Esta es una película extraña, de una belleza formal apabullante, en la que los impresionantes paisajes semidesérticos, cubiertos de neblina, desolados o radiantes, filmados por un espectacular Diego García (quien también filmó Cementerio de esplendor, de Apichatpong Weerasethakul y Toro de Neón, de Gabriel Mascaro), sirven de contexto a emociones turbulentas y al desasosiego. Como en todas las cintas de Reygadas, la luz es uno de los personajes principales y los contrastes entre exteriores e interiores son muy impactantes y sostienen el tono de la trama. Pero a diferencia de sus otras cintas, Reygadas se vale aquí de un arsenal de recursos narrativos, incluyendo voces en off provocadoras, emotivas, cómicas y devastadoras. Esta es sin duda la cinta más discursiva, con más explicaciones y justificaciones que ha hecho este director, donde recurre a diálogos epistolares (alguno leído en la voz infantil de Leonora, en un giro inexplicable con tintes de humor), a mensajes que se teclean en una pantalla, letra a letra frente a nuestros ojos y a largas confesiones.
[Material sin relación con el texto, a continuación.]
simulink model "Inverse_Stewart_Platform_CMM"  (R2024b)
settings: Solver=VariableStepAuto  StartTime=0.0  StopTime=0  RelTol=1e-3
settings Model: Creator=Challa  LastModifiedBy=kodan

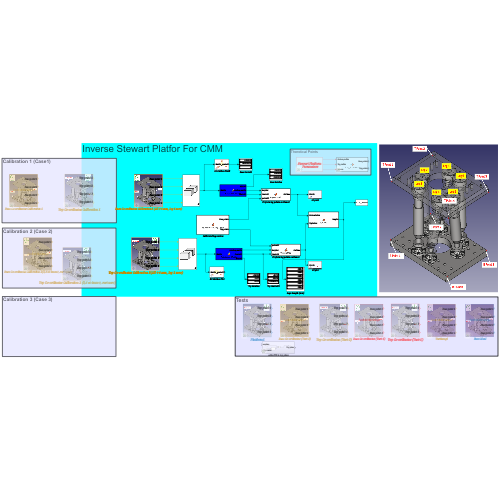
[thumbnail: Simulink's stored preview of the top-level diagram]
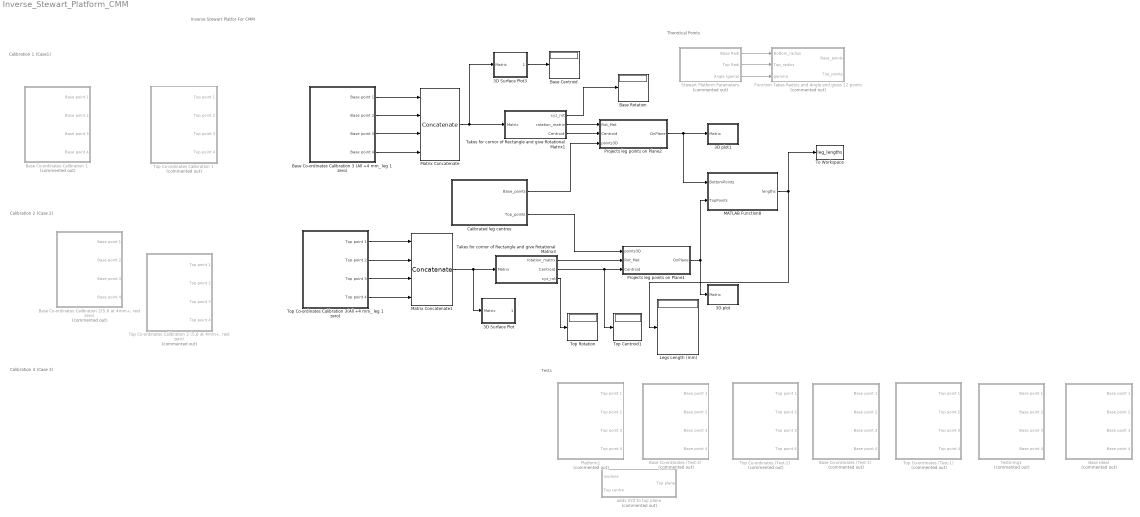
== system Inverse_Stewart_Platform_CMM ==
  note: Therotical Points
  note: Calibration 3 (Case 3)
  note: Inverse Stewart Platfor For CMM
  note: Tests
  note: Calibration 1 (Case1)
  note: Calibration 2 (Case 2)
  3D Surface Plot : Subsystem  mask(3D Surface Plot){color2='r'}
      mask prompts: color2 "color"
      mask help:
      | Input: 3xN matrix
      | output: 3D Surface Plot
      | Color: Changable by giving input
      | Finds Centerpoint and plots.
      mask Help:
      | Input: 3xN matrix
      | output: 3D Surface Plot
      | Color: Changable by giving input
      | Finds Centerpoint and plots.
      mask Display: image('XYZ2.png');
  3D Surface Plot3 : Subsystem  mask(3D Surface Plot){color2='b'}
      mask prompts: color2 "color"
      mask help:
      | Input: 3xN matrix
      | output: 3D Surface Plot
      | Color: Changable by giving input
      | Finds Centerpoint and plots.
      mask Help:
      | Input: 3xN matrix
      | output: 3D Surface Plot
      | Color: Changable by giving input
      | Finds Centerpoint and plots.
      mask Display: image('XYZ2.png');
  3D plot : Subsystem  mask(3D Plot){color1='r'}
      mask prompts: color1 "color"
      mask help:
      | Input: 3xN matrix
      | output: 3D Plot
      | Color: Changable by giving input
      mask Help:
      | Input: 3xN matrix
      | output: 3D Plot
      | Color: Changable by giving input
      mask Display: image('XYZ.png');
  3D plot1 : Subsystem  mask(3D Plot){color1='b'}
      mask prompts: color1 "color"
      mask help:
      | Input: 3xN matrix
      | output: 3D Plot
      | Color: Changable by giving input
      mask Help:
      | Input: 3xN matrix
      | output: 3D Plot
      | Color: Changable by giving input
      mask Display: image('XYZ.png');
  Base Centroid : Display
  Base Co-ordinates (Test-1) : Subsystem  Commented=on  mask(Bottom / Base platform points){B1=[-82.482,112.493,-0.004], B2=[ 82.46,112.505,0.137], B3=[82.505,-112.49,0.004], B4=[-82.482,-112.507,-0.137]}
      mask prompts: B1 "Point 1 [X Y Z] (mm)"; B2 "Point 2 [X Y Z] (mm)"; B3 "Point 3 [X Y Z] (mm)"; B4 "Point 4 [X Y Z] (mm)"
      mask help:
      | Please look at diagram to give Bottom / Base platform points
      | Array [X Y Z] with respect to the Base platform Rectangle centre
      mask Help:
      | Please look at diagram to give Bottom / Base platform points
      | Array [X Y Z] with respect to the Base platform Rectangle centre
      mask Display:
      | disp('Look at the image');
      | image('Screenshot 2024-06-21 170647.png');
  Base Co-ordinates (Test-2) : Subsystem  Commented=on  mask(Bottom / Base platform points){B1=[-82.482,112.494,0.006], B2=[82.459,112.506,0.136], B3=[82.506,-112.491,-0.006], B4=[-82.482,-112.508,-0.136]}
      mask prompts: B1 "Point 1 [X Y Z] (mm)"; B2 "Point 2 [X Y Z] (mm)"; B3 "Point 3 [X Y Z] (mm)"; B4 "Point 4 [X Y Z] (mm)"
      mask help:
      | Please look at diagram to give Bottom / Base platform points
      | Array [X Y Z] with respect to the Base platform Rectangle centre
      mask Help:
      | Please look at diagram to give Bottom / Base platform points
      | Array [X Y Z] with respect to the Base platform Rectangle centre
      mask Display:
      | disp('Look at the image');
      | image('Screenshot 2024-06-21 170647.png');
  Base Co-ordinates Calibration 1 : Subsystem  Commented=on  mask(Bottom / Base platform points){B1=[-82.478,112.495,-0.004], B2=[82.454,112.508,0.112], B3=[82.502,-112.489,0.004], B4=[-82.478,-112.513,-0.112]}
      mask prompts: B1 "Point 1 [X Y Z] (mm)"; B2 "Point 2 [X Y Z] (mm)"; B3 "Point 3 [X Y Z] (mm)"; B4 "Point 4 [X Y Z] (mm)"
      mask help:
      | Please look at diagram to give Bottom / Base platform points
      | Array [X Y Z] with respect to the Base platform Rectangle centre
      mask Help:
      | Please look at diagram to give Bottom / Base platform points
      | Array [X Y Z] with respect to the Base platform Rectangle centre
      mask Display:
      | disp('Look at the image');
      | image('Screenshot 2024-06-21 170647.png');
  "Base Co-ordinates Calibration 2(5,6 at 4mm+, rest zero)" : Subsystem  Commented=on  mask(Bottom / Base platform points){B1=[-82.477,112.496,-0.004], B2=[82.452,112.506,0.125], B3=[82.503,-112.49,0.004], B4=[-82.477,-112.511,-0.125]}
      mask prompts: B1 "Point 1 [X Y Z] (mm)"; B2 "Point 2 [X Y Z] (mm)"; B3 "Point 3 [X Y Z] (mm)"; B4 "Point 4 [X Y Z] (mm)"
      mask help:
      | Please look at diagram to give Bottom / Base platform points
      | Array [X Y Z] with respect to the Base platform Rectangle centre
      mask Help:
      | Please look at diagram to give Bottom / Base platform points
      | Array [X Y Z] with respect to the Base platform Rectangle centre
      mask Display:
      | disp('Look at the image');
      | image('Screenshot 2024-06-21 170647.png');
  Base Co-ordinates Calibration 3 (All +4 mm_ leg 1 zero) : Subsystem  mask(Bottom / Base platform points){B1=[-82.477,112.497,-0.008], B2=[82.453,112.508,0.126], B3=[82.502,-112.492,0.008], B4=[-82.477,-112.513,-0.126]}
      mask prompts: B1 "Point 1 [X Y Z] (mm)"; B2 "Point 2 [X Y Z] (mm)"; B3 "Point 3 [X Y Z] (mm)"; B4 "Point 4 [X Y Z] (mm)"
      mask help:
      | Please look at diagram to give Bottom / Base platform points
      | Array [X Y Z] with respect to the Base platform Rectangle centre
      mask Help:
      | Please look at diagram to give Bottom / Base platform points
      | Array [X Y Z] with respect to the Base platform Rectangle centre
      mask Display:
      | disp('Look at the image');
      | image('Screenshot 2024-06-21 170647.png');
  Base Ideal : Subsystem  Commented=on  mask(Bottom / Base platform points){B1=[-82.5,112.5,0], B2=[82.5,112.5,0], B3=[82.5,-112.5,0], B4=[-82.5,-112.5,0]}
      mask prompts: B1 "Point 1 [X Y Z] (mm)"; B2 "Point 2 [X Y Z] (mm)"; B3 "Point 3 [X Y Z] (mm)"; B4 "Point 4 [X Y Z] (mm)"
      mask help:
      | Please look at diagram to give Bottom / Base platform points
      | Array [X Y Z] with respect to the Base platform Rectangle centre
      mask Help:
      | Please look at diagram to give Bottom / Base platform points
      | Array [X Y Z] with respect to the Base platform Rectangle centre
      mask Display:
      | disp('Look at the image');
      | image('Screenshot 2024-06-21 170647.png');
  Base Rotation : Display
  Calibrated leg centres : MATLAB Function  TreatAsAtomicUnit=on
  Function Takes Radius and Angle and gives 12 points : MATLAB Function  Commented=on  TreatAsAtomicUnit=on
  Legs Length (mm) : Display
  MATLAB Function8 : MATLAB Function  TreatAsAtomicUnit=on
  Matrix Concatenate : Concatenate  NumInputs=4  Mode=Multidimensional array  ConcatenateDimension=2
  Matrix Concatenate1 : Concatenate  NumInputs=4  Mode=Multidimensional array  ConcatenateDimension=2
  Platform1 : Subsystem  Commented=on  mask(Top / Moving Platform Points){T1=|, T2=|, T3=|, T4=|}
      mask T1=|
      | [-122.0492
      | 96.5349
      | 168.8901]
      mask T2=|
      | [27.7169
      | 145.1424
      | 218.2097]
      mask T3=|
      | [102.0492
      | -66.5349
      | 201.1099]
      mask T4=|
      | [-47.7169
      | -115.1424
      | 151.7903]
      mask prompts: T1 "Point 1 [X Y Z] (mm)"; T2 "Point 2 [X Y Z] (mm)"; T3 "Point 3 [X Y Z] (mm)"; T4 "Point 4 [X Y Z] (mm)"
      mask help:
      | Please look at diagram to give Top / Moving Platform points
      | Array [X Y Z] with respect to the Base platform Rectangle centre
      mask Help:
      | Please look at diagram to give Top / Moving Platform points
      | Array [X Y Z] with respect to the Base platform Rectangle centre
      mask Display: image('Screenshot 2024-06-21 172342.png');
  Projects leg points on Plane1 : MATLAB Function  TreatAsAtomicUnit=on
  Projects leg points on Plane2 : MATLAB Function  TreatAsAtomicUnit=on
  Stewart Platform Parameters : Subsystem  Commented=on  mask(Gamma or Angle){B_R=130/2, T_R=125/2, Angle=20}
      mask prompts: B_R "Base Radius (mm)"; T_R "Top Radius(mm)"; Angle "Angle or Gama(deg)"
      mask help: Gamma is the half angle between 2 centres of leg
      mask Help: Gamma is the half angle between 2 centres of leg
      mask Display: disp('Stewart Platform \n Paramaters');
  Takes for cornor of Rectangle and give Rotational Matrix1 : MATLAB Function  TreatAsAtomicUnit=on
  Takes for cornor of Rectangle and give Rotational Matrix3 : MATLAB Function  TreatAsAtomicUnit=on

Asimismo, se regodea al incluir el Concierto Voltaje para tímpano y orquesta, de Gabriela Ortiz, interpretado por Gabriela Jiménez, al cual asiste Natalia y en donde Juan es celebrado en ausencia con motivo de uno de sus premios internacionales. Esta visita al centro de la capital da oportunidad para mostrar la cortina y los balcones de Bellas Artes, la Casa de los azulejos, la Latino y otros lugares pintorescos de la urbe en una divagación de la trama central que eventualmente nos regresa al drama como un boomerang. Otro de los momentos que parecen fugas incluyen la visita que hace Juan a un amigo moribundo que es acompañado por sus seres queridos mientras agoniza de cáncer. Ahí Juan llora desconsolado envidiando a su amigo quien, a pesar de padecer una enfermedad en grado terminal, está rodeado de gente que lo quiere.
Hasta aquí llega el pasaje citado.